▸ Exercise aim:
From the listing below, extract every line containing "schematic".

▸ Materials provided:
BEGIN
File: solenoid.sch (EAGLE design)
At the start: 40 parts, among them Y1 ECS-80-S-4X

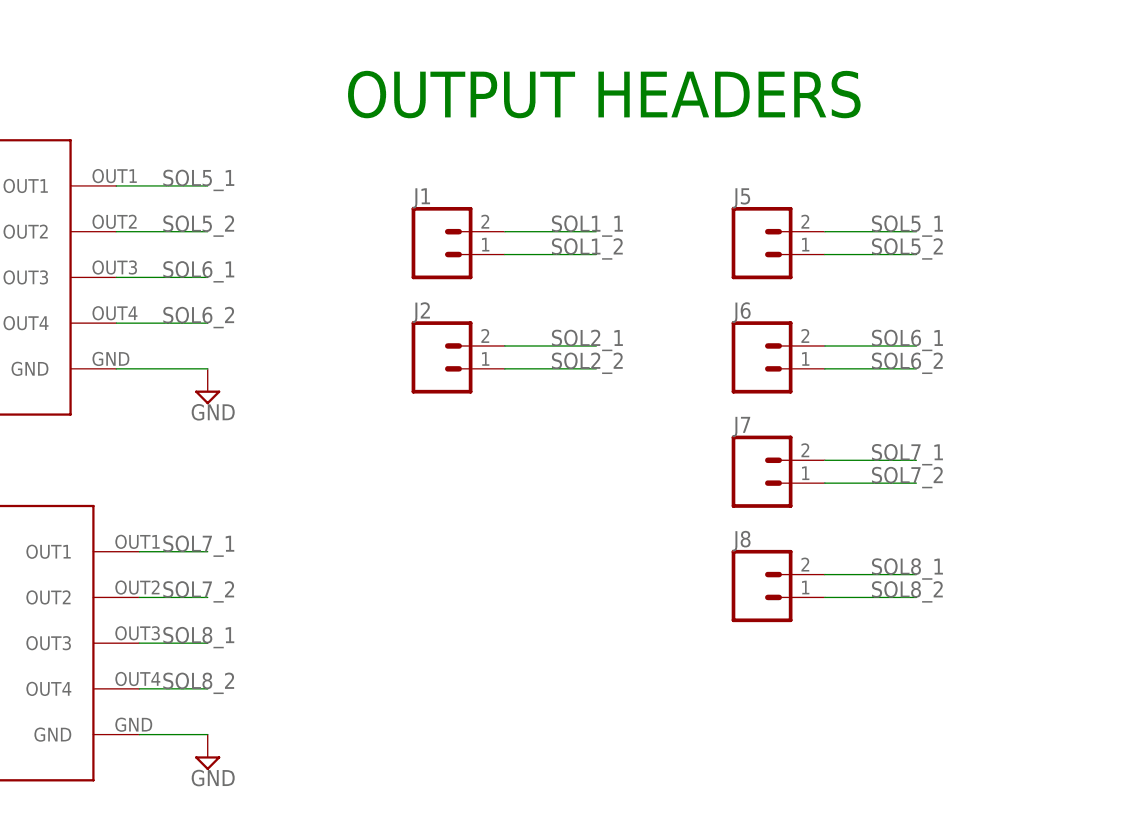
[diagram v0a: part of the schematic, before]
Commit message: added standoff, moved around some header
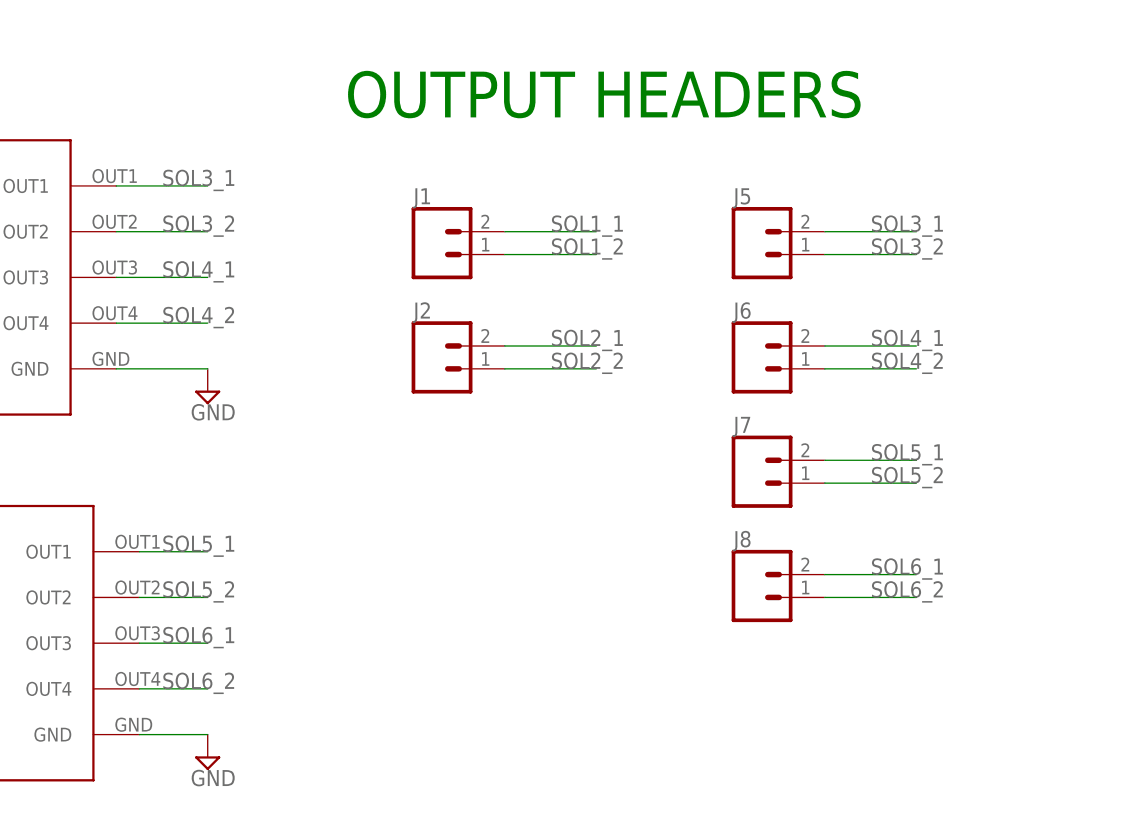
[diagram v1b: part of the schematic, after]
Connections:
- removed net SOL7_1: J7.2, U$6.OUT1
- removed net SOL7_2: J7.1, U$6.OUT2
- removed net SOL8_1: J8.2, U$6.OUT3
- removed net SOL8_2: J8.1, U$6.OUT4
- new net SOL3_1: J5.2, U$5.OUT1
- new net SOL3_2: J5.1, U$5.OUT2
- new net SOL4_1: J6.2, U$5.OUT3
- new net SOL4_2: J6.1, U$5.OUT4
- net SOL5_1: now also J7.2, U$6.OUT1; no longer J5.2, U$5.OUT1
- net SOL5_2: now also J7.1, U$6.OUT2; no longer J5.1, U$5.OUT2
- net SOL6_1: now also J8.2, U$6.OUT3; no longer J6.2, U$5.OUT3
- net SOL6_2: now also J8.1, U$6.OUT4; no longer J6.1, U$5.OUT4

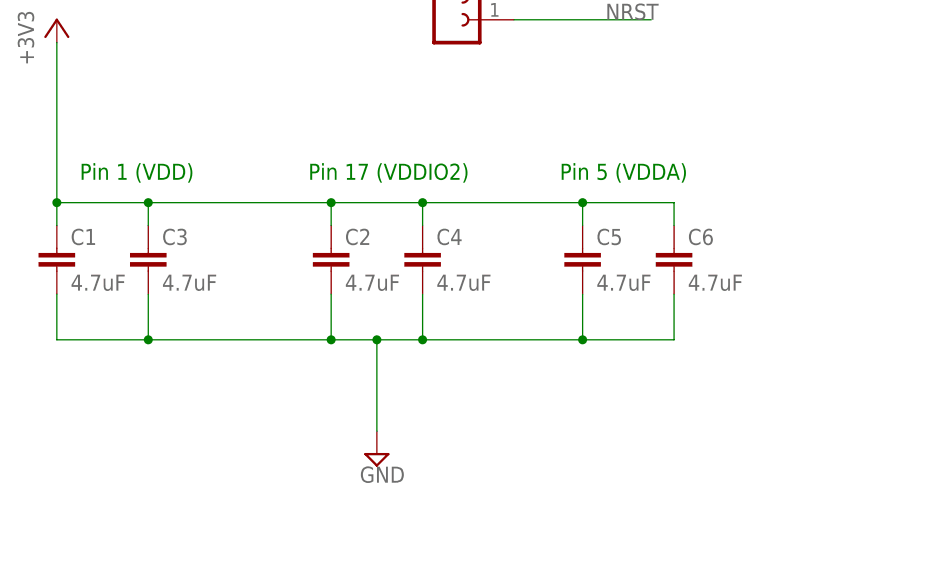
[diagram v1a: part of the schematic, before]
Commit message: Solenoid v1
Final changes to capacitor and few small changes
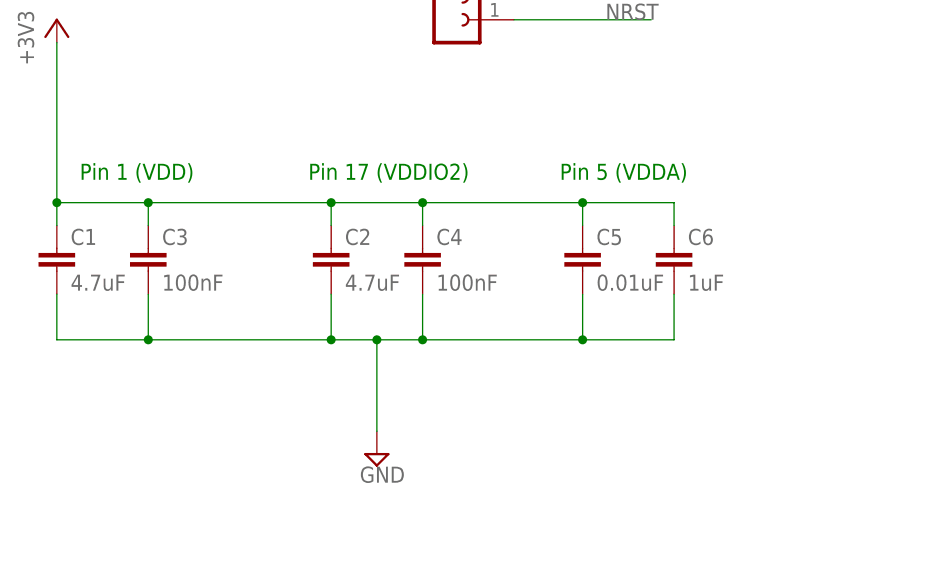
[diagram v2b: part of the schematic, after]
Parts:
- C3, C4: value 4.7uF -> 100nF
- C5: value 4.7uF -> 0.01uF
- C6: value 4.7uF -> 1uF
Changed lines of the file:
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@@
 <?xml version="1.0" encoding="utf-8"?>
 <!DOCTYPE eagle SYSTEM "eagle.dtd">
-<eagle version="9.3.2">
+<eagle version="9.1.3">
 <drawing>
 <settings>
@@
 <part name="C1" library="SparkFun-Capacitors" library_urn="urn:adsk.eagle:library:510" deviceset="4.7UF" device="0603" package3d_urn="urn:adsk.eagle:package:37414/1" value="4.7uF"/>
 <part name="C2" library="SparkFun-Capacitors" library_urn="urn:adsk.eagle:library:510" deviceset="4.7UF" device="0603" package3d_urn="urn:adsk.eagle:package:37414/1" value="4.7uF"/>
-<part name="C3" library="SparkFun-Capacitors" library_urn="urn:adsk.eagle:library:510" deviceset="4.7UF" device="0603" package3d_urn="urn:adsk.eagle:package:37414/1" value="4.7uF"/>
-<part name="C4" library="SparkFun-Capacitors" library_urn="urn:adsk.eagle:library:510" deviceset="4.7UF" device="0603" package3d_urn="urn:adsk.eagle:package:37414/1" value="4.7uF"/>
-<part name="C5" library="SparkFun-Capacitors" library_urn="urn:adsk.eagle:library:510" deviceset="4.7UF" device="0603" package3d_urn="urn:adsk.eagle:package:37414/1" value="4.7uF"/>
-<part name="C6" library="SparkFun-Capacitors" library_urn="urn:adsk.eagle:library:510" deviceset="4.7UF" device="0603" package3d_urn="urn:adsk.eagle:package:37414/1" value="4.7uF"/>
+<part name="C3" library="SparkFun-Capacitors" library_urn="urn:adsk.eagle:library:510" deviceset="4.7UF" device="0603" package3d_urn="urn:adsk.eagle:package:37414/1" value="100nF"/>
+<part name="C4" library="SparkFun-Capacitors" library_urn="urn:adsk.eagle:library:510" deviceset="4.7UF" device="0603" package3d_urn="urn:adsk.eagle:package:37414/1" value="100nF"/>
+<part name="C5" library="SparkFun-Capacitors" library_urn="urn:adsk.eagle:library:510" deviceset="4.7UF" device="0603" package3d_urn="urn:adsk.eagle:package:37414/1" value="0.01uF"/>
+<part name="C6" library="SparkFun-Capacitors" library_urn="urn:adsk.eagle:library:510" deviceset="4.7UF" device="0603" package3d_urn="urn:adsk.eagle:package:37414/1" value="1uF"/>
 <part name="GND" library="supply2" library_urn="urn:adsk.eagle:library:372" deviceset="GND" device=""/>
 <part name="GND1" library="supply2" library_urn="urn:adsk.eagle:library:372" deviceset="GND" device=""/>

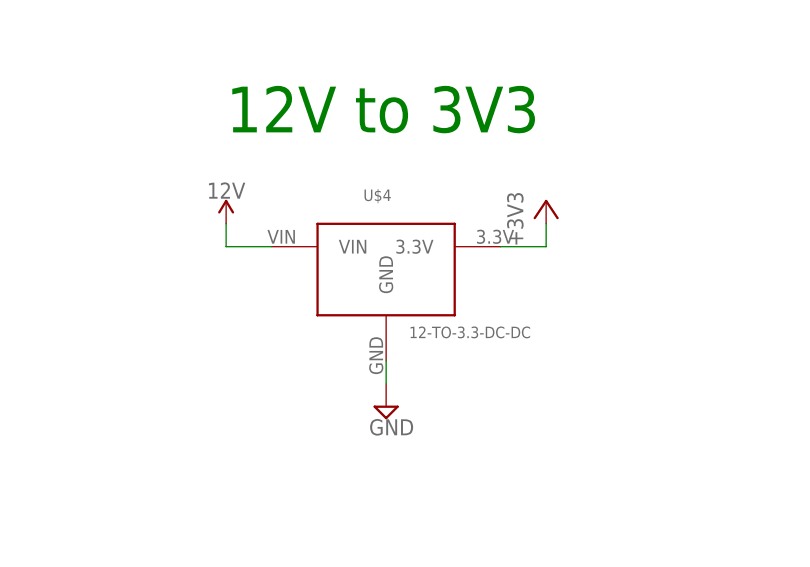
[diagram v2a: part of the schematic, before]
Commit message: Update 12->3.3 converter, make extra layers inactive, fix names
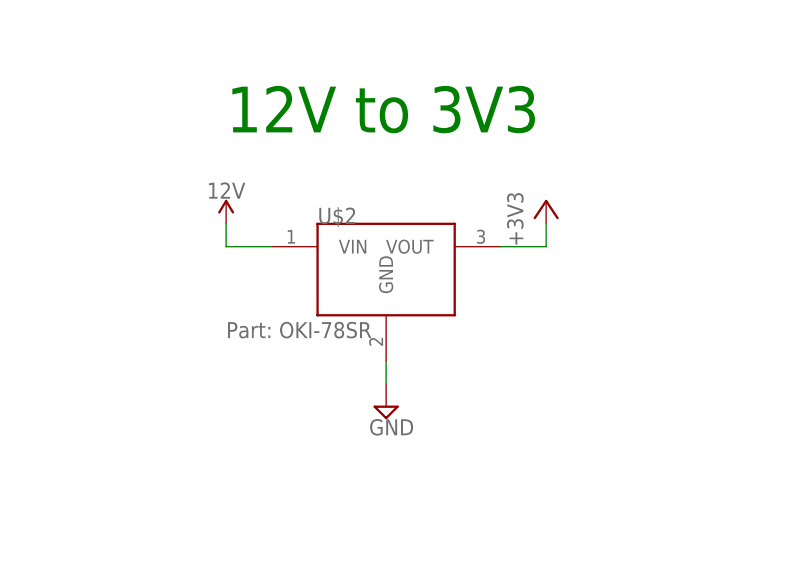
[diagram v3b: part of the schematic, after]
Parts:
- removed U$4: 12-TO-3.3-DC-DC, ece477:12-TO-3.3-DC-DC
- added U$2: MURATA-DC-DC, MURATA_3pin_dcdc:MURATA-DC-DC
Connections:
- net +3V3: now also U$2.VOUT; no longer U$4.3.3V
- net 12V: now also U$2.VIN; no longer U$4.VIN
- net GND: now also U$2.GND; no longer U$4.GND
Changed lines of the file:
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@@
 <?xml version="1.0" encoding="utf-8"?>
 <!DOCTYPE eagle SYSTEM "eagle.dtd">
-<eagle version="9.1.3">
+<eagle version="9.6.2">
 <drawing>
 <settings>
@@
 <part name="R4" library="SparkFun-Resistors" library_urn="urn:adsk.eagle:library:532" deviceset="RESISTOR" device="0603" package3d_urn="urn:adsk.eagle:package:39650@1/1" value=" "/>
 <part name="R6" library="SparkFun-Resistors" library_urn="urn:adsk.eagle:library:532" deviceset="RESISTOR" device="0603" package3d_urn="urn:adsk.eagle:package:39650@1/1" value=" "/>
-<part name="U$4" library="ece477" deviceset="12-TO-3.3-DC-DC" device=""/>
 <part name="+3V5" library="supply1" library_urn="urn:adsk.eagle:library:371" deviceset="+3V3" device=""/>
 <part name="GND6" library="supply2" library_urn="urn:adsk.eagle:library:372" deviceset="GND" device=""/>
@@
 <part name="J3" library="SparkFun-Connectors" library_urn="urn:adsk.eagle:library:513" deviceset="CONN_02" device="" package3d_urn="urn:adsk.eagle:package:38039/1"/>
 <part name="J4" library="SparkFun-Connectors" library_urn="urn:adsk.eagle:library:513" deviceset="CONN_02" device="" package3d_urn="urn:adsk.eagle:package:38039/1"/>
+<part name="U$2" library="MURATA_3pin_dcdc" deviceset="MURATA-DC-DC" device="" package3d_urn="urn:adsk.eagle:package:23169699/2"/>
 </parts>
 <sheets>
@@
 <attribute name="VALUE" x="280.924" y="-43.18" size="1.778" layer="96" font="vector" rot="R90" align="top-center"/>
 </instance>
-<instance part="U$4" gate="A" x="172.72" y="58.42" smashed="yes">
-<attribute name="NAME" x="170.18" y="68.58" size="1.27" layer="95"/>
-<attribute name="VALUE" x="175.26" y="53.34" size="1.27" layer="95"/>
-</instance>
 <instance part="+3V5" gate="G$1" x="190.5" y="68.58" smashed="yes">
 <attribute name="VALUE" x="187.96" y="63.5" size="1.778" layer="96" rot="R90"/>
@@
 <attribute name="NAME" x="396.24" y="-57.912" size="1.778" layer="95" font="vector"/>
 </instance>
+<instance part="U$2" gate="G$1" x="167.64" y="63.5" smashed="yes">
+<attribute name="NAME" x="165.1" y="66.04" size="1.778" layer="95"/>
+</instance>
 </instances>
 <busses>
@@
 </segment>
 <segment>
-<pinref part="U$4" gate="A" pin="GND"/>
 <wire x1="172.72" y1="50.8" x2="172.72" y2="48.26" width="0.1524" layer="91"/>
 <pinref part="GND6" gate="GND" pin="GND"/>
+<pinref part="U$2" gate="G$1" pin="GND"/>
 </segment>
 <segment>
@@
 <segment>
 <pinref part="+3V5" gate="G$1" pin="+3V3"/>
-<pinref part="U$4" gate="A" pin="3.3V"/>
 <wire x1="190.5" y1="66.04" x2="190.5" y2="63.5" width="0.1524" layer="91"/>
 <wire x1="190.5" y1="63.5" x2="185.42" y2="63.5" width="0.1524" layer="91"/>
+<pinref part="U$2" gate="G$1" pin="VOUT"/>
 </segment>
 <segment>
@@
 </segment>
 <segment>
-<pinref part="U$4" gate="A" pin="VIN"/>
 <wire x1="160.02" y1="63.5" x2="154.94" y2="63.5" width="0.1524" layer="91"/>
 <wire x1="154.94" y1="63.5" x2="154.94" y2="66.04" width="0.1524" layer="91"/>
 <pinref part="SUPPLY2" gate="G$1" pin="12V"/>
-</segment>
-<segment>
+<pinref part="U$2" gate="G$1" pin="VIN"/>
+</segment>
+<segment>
END
▸ Problem solution:
[diagram v0a: part of the schematic, before]
[diagram v1b: part of the schematic, after]
[diagram v1a: part of the schematic, before]
[diagram v2b: part of the schematic, after]
[diagram v2a: part of the schematic, before]
[diagram v3b: part of the schematic, after]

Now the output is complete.